# C-41 Client HDMI Handshake Problem



## mobilelawyer (Aug 16, 2006)

This issue just appeared with my C-41 mini, and I have not been able to resolve it.

The mini feeds the hdmi input to my Onkyo NR-626 receiver, which I use to switch sources to my Panasonic Plasma TV. Several days ago, I lost video on that connection. Audio can be heard intermittently, but there is no video. I tried turning the mini on and an off, turning the receiver on and off, and turning the TV on and off, to no avail. The other video sources being switched by the receiver work fine, but the feed from the mini keeps having the same problem. I have used several different kinds of hdmi cables, and all have the same problem.

If I reset the mini, video does appear during he welcome screen process, but then disappears. If I feed the hdmi directly from the C-41 to the TV, normal video is seen.

I have been using the C-41 for several months on this set up, and this is the first time I have seen this problem. Is there a recent software update that could be the culprit, and has anyone else seen this issue crop up recently?


----------



## jimmie57 (Jun 26, 2010)

Check the settings in the Onkyo for this connection to see if it changed.

Change the C41 connection to a different input on the Onkyo.

See if either of those work.


----------



## harsh (Jun 15, 2003)

A couple of things to try on the AVR (perform each step and if it works, skip the remaining steps):

1. Pull the power plug for a minute and plug it back in (this has fixed my TX-NR809 when it had a pretty much identical problem a few times).
2. Make sure nothing is connected to HDMI SUB (this may be confusing EDID or HDCP negotiation)
3. Set Picture Mode to "Bypass" (disable upconversion and video processing)
4. Check your HDMI Through settings to see if they make sense (which device passes HDMI when the AVR is in standby mode)

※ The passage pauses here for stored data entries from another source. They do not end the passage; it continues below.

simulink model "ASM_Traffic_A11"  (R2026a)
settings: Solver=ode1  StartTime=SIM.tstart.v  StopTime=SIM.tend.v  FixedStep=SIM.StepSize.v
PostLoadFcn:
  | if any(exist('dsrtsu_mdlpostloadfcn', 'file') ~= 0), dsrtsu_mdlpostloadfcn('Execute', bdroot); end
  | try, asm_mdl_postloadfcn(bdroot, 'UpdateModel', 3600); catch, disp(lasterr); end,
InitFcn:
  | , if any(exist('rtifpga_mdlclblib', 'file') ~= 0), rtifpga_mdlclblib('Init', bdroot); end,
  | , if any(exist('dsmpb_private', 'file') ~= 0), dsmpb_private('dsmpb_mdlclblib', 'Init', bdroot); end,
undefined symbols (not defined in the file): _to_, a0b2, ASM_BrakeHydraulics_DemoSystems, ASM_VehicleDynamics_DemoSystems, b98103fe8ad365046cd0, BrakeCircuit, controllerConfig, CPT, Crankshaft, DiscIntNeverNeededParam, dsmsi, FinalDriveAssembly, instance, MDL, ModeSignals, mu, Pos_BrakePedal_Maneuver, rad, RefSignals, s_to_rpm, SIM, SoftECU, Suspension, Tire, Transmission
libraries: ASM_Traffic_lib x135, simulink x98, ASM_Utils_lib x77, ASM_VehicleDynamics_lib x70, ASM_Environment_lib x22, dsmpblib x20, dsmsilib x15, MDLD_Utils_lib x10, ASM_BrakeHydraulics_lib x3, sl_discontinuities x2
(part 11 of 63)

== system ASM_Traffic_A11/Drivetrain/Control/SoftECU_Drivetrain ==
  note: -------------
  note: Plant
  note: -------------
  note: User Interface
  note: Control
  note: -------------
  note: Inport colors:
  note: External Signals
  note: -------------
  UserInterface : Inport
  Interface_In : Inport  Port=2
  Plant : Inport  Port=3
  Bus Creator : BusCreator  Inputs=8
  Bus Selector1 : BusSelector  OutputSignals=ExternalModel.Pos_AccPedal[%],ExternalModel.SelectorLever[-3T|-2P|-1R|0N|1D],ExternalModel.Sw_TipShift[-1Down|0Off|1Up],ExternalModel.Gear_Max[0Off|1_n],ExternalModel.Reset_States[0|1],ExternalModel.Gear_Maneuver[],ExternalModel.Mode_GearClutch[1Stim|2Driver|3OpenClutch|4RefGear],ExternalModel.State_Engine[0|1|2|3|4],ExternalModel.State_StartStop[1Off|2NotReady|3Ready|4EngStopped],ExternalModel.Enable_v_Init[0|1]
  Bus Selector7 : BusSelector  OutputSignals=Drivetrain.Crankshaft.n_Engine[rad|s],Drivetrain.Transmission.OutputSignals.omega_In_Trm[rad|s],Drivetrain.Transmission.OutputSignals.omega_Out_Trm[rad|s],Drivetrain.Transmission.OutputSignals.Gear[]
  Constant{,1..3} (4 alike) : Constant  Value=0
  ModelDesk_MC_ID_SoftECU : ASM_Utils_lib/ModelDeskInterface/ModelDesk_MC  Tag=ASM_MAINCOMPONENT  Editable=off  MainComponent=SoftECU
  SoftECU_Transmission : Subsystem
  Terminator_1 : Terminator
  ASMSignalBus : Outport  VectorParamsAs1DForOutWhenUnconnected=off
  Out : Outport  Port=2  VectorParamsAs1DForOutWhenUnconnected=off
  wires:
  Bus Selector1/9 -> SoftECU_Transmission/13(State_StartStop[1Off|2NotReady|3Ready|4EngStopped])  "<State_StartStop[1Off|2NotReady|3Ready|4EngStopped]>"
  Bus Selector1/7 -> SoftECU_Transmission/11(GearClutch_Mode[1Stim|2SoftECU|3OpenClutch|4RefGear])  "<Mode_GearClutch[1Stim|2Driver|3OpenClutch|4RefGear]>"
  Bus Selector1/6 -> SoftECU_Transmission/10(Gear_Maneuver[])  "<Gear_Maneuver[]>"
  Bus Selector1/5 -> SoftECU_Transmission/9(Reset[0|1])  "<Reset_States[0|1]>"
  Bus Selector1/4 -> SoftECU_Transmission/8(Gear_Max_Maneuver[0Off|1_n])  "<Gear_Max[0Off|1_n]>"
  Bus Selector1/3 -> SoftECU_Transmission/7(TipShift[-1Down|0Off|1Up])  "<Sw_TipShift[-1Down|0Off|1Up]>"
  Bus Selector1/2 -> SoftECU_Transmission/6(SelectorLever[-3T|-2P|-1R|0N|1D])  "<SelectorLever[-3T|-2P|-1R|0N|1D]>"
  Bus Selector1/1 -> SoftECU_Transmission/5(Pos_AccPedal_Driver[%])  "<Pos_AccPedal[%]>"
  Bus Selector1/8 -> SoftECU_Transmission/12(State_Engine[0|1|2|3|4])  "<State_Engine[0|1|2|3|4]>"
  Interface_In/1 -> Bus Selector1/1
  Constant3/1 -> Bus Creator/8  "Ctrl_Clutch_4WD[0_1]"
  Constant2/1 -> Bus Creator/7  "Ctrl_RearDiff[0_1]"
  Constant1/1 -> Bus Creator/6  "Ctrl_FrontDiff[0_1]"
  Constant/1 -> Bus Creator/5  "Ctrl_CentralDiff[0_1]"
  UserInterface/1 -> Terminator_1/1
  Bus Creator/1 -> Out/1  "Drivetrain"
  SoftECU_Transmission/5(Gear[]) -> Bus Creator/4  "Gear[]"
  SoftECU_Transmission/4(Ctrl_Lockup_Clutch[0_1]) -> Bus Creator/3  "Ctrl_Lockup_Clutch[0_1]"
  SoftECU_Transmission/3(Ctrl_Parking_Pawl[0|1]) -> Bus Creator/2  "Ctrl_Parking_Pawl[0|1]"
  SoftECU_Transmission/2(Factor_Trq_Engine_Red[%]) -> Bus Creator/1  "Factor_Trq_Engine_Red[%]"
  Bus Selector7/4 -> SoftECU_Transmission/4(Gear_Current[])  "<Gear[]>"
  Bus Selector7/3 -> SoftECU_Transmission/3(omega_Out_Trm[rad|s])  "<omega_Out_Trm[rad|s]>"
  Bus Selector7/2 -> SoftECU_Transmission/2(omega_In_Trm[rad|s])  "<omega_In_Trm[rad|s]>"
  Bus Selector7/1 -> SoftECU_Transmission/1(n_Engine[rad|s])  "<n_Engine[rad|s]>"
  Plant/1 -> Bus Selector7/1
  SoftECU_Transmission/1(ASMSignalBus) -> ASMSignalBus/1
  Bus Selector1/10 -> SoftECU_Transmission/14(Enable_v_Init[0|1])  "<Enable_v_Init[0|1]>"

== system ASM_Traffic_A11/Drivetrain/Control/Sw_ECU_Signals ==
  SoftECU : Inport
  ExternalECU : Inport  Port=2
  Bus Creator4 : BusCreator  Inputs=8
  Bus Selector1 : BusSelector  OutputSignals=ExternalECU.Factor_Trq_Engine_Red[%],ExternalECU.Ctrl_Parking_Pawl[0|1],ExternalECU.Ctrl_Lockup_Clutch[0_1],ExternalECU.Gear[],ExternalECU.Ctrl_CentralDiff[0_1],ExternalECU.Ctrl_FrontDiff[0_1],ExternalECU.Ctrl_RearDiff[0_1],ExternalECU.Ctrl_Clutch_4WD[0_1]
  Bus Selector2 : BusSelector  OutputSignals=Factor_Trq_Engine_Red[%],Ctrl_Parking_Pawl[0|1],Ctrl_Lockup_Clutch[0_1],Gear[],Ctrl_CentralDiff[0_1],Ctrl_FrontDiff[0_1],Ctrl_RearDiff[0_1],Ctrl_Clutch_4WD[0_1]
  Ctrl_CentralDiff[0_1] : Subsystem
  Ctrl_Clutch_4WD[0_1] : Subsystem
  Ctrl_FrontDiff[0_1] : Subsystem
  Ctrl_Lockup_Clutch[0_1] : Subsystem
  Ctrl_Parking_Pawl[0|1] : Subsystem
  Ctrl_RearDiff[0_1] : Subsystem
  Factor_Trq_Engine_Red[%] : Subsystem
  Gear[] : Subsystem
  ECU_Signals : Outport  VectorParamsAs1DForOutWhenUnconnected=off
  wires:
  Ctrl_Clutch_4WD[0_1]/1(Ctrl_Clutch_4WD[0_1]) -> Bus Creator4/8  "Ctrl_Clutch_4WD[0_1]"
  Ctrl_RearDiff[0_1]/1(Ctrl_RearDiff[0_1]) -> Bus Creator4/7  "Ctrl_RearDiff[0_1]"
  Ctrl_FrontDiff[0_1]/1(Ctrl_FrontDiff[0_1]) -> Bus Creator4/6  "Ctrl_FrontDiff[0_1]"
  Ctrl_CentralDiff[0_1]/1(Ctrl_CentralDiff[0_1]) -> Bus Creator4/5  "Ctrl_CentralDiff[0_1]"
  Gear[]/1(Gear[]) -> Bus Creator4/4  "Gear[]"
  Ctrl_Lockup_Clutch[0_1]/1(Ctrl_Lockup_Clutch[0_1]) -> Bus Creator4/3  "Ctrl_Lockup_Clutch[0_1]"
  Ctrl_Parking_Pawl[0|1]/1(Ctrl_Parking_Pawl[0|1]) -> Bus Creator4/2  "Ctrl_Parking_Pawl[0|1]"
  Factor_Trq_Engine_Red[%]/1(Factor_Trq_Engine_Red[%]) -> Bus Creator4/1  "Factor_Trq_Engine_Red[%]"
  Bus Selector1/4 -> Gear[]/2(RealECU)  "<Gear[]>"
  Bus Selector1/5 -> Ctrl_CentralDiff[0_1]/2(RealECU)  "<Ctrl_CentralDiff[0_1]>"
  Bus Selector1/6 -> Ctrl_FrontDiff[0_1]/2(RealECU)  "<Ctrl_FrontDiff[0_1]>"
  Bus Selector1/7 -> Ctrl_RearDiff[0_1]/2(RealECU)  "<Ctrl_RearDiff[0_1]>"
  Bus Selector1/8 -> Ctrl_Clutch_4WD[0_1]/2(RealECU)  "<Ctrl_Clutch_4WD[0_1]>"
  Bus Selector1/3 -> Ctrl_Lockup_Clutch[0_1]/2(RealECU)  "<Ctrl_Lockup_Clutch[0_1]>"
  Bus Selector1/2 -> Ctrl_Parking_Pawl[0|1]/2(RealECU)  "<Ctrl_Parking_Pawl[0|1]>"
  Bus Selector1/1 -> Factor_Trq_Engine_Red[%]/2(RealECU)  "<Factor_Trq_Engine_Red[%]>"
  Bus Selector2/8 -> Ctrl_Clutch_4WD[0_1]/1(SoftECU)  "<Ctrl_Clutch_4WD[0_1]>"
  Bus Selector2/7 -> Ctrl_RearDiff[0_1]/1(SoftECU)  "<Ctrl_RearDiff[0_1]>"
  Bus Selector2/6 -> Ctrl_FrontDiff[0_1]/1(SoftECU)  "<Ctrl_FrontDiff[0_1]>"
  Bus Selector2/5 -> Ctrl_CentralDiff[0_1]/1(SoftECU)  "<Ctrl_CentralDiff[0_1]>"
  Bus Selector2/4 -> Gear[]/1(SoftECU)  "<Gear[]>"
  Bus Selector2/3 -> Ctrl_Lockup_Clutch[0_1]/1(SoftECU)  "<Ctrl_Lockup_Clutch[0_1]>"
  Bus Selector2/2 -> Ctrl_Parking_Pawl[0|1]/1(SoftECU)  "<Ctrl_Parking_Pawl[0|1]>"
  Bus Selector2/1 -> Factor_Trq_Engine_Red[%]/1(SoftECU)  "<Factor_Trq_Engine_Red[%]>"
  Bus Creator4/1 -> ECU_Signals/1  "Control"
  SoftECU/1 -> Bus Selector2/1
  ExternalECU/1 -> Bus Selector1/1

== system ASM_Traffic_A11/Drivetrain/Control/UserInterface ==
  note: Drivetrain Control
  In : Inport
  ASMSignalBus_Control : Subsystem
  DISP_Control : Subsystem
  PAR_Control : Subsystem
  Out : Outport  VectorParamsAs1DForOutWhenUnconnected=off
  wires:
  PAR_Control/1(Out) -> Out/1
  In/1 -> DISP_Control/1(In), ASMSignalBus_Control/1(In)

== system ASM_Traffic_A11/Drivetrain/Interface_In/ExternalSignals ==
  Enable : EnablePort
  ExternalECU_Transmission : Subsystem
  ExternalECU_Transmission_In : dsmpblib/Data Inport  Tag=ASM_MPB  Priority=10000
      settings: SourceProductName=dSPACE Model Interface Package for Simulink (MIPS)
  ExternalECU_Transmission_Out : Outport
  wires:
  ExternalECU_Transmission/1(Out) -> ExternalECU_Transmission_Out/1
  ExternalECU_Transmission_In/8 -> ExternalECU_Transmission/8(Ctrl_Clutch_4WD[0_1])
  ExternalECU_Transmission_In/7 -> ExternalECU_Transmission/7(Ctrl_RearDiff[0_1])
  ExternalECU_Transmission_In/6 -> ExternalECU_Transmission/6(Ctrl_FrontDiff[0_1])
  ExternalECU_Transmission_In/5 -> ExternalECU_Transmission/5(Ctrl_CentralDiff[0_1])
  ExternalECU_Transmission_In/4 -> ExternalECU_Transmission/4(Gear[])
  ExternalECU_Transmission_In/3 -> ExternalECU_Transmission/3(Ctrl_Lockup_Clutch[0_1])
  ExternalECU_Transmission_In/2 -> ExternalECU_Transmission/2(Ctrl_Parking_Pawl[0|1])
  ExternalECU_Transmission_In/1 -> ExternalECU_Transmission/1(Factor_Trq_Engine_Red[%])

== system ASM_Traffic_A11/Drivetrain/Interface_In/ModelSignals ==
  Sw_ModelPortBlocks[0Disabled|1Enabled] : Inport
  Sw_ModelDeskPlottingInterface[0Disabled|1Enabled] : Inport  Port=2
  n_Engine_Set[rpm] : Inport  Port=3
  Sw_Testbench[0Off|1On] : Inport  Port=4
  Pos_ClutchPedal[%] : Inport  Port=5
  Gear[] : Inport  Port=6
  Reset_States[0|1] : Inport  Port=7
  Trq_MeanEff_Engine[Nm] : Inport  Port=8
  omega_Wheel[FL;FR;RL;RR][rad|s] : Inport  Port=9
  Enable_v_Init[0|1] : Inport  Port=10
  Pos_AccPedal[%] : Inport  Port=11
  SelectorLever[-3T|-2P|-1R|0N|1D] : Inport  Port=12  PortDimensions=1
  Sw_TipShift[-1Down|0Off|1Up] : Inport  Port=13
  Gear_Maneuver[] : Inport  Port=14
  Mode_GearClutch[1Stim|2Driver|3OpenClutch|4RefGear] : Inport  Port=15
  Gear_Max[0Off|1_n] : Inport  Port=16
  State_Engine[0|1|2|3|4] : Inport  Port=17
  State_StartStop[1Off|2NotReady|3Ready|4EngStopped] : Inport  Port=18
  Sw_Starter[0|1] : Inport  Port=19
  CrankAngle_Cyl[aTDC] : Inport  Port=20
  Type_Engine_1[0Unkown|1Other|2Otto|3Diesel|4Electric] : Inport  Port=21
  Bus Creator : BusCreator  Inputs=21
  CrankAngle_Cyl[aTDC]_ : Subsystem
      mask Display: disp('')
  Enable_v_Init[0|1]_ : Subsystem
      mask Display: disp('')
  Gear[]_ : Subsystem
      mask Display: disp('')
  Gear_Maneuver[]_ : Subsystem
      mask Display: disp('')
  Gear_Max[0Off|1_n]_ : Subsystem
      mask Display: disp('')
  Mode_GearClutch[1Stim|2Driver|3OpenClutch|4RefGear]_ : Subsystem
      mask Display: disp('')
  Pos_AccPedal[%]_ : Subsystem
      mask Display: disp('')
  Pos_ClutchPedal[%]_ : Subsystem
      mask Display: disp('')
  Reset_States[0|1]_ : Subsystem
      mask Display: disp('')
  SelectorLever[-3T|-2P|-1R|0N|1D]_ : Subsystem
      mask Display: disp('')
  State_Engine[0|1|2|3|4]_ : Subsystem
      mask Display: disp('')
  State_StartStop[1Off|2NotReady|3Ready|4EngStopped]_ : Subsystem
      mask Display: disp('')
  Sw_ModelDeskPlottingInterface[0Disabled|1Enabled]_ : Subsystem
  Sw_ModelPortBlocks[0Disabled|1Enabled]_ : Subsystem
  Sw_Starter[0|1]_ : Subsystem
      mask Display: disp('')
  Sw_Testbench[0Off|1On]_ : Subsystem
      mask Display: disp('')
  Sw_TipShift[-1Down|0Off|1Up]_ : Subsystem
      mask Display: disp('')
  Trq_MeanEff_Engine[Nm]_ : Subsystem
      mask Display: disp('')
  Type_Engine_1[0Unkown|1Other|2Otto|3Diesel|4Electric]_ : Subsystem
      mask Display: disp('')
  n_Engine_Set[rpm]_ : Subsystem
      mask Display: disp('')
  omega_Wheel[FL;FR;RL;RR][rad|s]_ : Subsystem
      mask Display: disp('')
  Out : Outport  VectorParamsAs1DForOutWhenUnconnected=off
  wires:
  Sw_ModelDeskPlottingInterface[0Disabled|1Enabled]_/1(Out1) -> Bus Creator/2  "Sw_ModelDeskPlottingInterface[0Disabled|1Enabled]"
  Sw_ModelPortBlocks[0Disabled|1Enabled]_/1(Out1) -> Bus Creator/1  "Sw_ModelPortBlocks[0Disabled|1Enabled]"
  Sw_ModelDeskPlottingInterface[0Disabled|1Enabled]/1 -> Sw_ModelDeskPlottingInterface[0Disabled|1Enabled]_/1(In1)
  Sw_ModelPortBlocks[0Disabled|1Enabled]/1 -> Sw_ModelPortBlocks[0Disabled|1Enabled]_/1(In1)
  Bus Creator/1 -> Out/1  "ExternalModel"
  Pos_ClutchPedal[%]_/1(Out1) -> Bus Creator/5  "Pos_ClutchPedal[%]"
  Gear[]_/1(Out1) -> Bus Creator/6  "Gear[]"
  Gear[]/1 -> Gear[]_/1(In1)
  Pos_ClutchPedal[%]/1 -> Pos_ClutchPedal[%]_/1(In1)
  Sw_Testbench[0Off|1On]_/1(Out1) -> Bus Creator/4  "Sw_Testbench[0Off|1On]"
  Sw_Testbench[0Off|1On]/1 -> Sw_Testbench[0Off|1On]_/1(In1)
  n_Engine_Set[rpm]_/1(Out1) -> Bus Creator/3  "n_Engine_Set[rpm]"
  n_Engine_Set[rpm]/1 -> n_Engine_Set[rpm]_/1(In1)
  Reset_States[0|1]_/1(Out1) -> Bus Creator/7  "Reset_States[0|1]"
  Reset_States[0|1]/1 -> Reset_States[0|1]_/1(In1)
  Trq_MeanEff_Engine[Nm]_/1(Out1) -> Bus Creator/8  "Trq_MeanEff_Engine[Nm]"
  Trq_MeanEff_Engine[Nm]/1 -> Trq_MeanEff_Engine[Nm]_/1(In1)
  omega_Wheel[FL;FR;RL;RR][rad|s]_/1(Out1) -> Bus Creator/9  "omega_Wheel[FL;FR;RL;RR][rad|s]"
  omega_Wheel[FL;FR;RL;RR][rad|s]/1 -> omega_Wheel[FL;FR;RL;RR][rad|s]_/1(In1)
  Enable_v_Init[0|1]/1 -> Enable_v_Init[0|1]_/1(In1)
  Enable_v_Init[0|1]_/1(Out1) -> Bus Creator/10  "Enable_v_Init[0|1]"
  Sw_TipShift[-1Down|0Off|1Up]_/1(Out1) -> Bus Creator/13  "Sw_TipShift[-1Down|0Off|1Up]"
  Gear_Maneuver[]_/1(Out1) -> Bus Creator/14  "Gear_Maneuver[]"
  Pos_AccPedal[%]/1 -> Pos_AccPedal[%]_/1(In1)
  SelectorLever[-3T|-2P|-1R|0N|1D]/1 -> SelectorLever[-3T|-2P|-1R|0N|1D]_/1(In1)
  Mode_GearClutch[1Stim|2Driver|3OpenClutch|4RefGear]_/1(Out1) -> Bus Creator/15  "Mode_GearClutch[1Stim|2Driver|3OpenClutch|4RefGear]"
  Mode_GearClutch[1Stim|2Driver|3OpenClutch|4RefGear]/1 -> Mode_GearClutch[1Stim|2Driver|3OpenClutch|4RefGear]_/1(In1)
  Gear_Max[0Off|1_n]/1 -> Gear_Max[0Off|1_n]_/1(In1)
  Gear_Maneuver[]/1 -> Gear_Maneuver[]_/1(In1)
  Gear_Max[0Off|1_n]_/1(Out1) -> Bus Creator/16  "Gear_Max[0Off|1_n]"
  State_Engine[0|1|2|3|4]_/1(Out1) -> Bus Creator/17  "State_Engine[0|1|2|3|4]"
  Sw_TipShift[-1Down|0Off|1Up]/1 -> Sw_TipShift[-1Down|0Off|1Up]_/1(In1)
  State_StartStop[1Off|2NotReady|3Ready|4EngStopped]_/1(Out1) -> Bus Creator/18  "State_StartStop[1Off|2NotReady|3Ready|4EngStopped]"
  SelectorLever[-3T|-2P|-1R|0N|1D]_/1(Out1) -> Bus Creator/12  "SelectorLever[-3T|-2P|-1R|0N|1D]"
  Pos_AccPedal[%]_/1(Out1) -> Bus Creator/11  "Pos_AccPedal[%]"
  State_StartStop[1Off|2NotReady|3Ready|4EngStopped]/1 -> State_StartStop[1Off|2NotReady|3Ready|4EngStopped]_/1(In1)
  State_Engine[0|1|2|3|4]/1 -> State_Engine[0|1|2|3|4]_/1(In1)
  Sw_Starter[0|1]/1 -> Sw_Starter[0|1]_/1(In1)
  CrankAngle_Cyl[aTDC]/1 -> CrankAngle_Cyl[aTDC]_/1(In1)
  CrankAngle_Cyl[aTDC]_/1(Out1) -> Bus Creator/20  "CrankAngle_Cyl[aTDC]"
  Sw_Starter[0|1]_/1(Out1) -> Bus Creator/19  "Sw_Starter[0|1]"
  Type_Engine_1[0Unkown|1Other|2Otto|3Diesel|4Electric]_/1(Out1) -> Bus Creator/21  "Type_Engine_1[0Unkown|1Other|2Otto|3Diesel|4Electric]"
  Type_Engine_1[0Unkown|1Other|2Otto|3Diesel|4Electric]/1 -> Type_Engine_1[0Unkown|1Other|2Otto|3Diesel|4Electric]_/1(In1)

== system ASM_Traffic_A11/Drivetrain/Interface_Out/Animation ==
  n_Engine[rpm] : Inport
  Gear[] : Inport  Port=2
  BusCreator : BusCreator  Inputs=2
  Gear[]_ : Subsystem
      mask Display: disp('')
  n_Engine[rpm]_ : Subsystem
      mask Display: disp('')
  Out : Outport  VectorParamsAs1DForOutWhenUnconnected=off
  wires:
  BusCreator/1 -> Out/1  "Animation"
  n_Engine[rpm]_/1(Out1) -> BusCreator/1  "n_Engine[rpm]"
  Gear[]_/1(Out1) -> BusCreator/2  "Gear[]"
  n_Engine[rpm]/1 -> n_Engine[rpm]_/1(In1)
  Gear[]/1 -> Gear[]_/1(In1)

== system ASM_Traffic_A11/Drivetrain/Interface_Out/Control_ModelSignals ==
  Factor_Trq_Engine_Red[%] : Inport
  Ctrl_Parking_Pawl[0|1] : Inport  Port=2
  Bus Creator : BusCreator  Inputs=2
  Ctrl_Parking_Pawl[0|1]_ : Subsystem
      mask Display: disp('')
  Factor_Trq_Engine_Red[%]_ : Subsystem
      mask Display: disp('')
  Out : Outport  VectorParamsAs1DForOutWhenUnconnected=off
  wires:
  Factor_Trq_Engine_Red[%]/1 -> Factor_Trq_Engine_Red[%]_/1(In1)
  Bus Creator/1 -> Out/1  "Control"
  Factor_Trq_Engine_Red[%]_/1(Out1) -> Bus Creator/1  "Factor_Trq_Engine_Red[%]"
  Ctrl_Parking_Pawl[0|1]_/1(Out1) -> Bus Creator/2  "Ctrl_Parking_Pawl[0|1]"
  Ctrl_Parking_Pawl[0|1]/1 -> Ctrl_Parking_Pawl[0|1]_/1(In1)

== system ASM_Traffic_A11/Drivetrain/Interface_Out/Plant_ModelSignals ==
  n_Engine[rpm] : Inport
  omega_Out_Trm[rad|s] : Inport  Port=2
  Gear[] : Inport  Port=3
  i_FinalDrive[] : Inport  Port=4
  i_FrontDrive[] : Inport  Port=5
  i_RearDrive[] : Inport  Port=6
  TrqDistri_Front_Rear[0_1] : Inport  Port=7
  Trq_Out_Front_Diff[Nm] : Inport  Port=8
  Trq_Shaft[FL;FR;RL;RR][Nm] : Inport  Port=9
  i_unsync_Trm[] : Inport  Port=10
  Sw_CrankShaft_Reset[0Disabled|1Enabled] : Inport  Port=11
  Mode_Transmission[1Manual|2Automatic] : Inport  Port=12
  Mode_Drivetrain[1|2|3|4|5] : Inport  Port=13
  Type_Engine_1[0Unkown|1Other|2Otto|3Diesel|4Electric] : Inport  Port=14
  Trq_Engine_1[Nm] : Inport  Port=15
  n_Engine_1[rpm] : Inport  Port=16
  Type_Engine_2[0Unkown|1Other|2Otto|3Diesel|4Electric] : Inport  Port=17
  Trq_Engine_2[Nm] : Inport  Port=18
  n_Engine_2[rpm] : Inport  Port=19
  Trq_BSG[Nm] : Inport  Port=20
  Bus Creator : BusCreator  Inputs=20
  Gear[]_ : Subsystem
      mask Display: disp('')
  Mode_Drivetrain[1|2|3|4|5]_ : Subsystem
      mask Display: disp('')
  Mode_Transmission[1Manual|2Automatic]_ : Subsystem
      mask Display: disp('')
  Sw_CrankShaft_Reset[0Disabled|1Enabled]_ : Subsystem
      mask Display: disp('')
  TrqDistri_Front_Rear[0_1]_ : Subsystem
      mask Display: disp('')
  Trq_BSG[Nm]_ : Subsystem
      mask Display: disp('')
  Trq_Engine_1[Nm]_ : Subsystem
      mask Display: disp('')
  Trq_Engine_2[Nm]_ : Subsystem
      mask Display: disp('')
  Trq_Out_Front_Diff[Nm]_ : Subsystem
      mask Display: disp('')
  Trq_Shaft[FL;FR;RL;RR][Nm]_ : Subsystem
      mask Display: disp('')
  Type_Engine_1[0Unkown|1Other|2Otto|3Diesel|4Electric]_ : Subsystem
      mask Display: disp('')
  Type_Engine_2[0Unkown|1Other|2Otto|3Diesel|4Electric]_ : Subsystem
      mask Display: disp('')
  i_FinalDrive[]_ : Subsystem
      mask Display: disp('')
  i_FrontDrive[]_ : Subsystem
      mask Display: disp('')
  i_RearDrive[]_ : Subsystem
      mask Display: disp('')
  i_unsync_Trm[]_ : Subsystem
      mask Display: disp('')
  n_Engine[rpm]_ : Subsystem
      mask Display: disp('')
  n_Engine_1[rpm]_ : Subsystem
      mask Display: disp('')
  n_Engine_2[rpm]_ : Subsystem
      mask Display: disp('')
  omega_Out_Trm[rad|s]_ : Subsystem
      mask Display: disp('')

If you haven't tried a different HDMI input (as jimmie57 suggested), you should do that in conjunction with step 2.


----------



## mobilelawyer (Aug 16, 2006)

harsh said:


> A couple of things to try on the AVR (perform each step and if it works, skip the remaining steps):
> 
> *1. Pull the power plug for a minute and plug it back in (this has fixed my TX-NR809 when it had a pretty much identical problem a few times).*
> 
> The first suggestion on your list totally fixed the problem! When the receiver is deprived of power, it goes through the set up process again for the HDMI connections, and it totally cleared up the problem. Thanks so much. That was so simple I may actually be able to remember it the next time this happens!


----------



## harsh (Jun 15, 2003)

I'm glad it worked as well for you as it has for me.


----------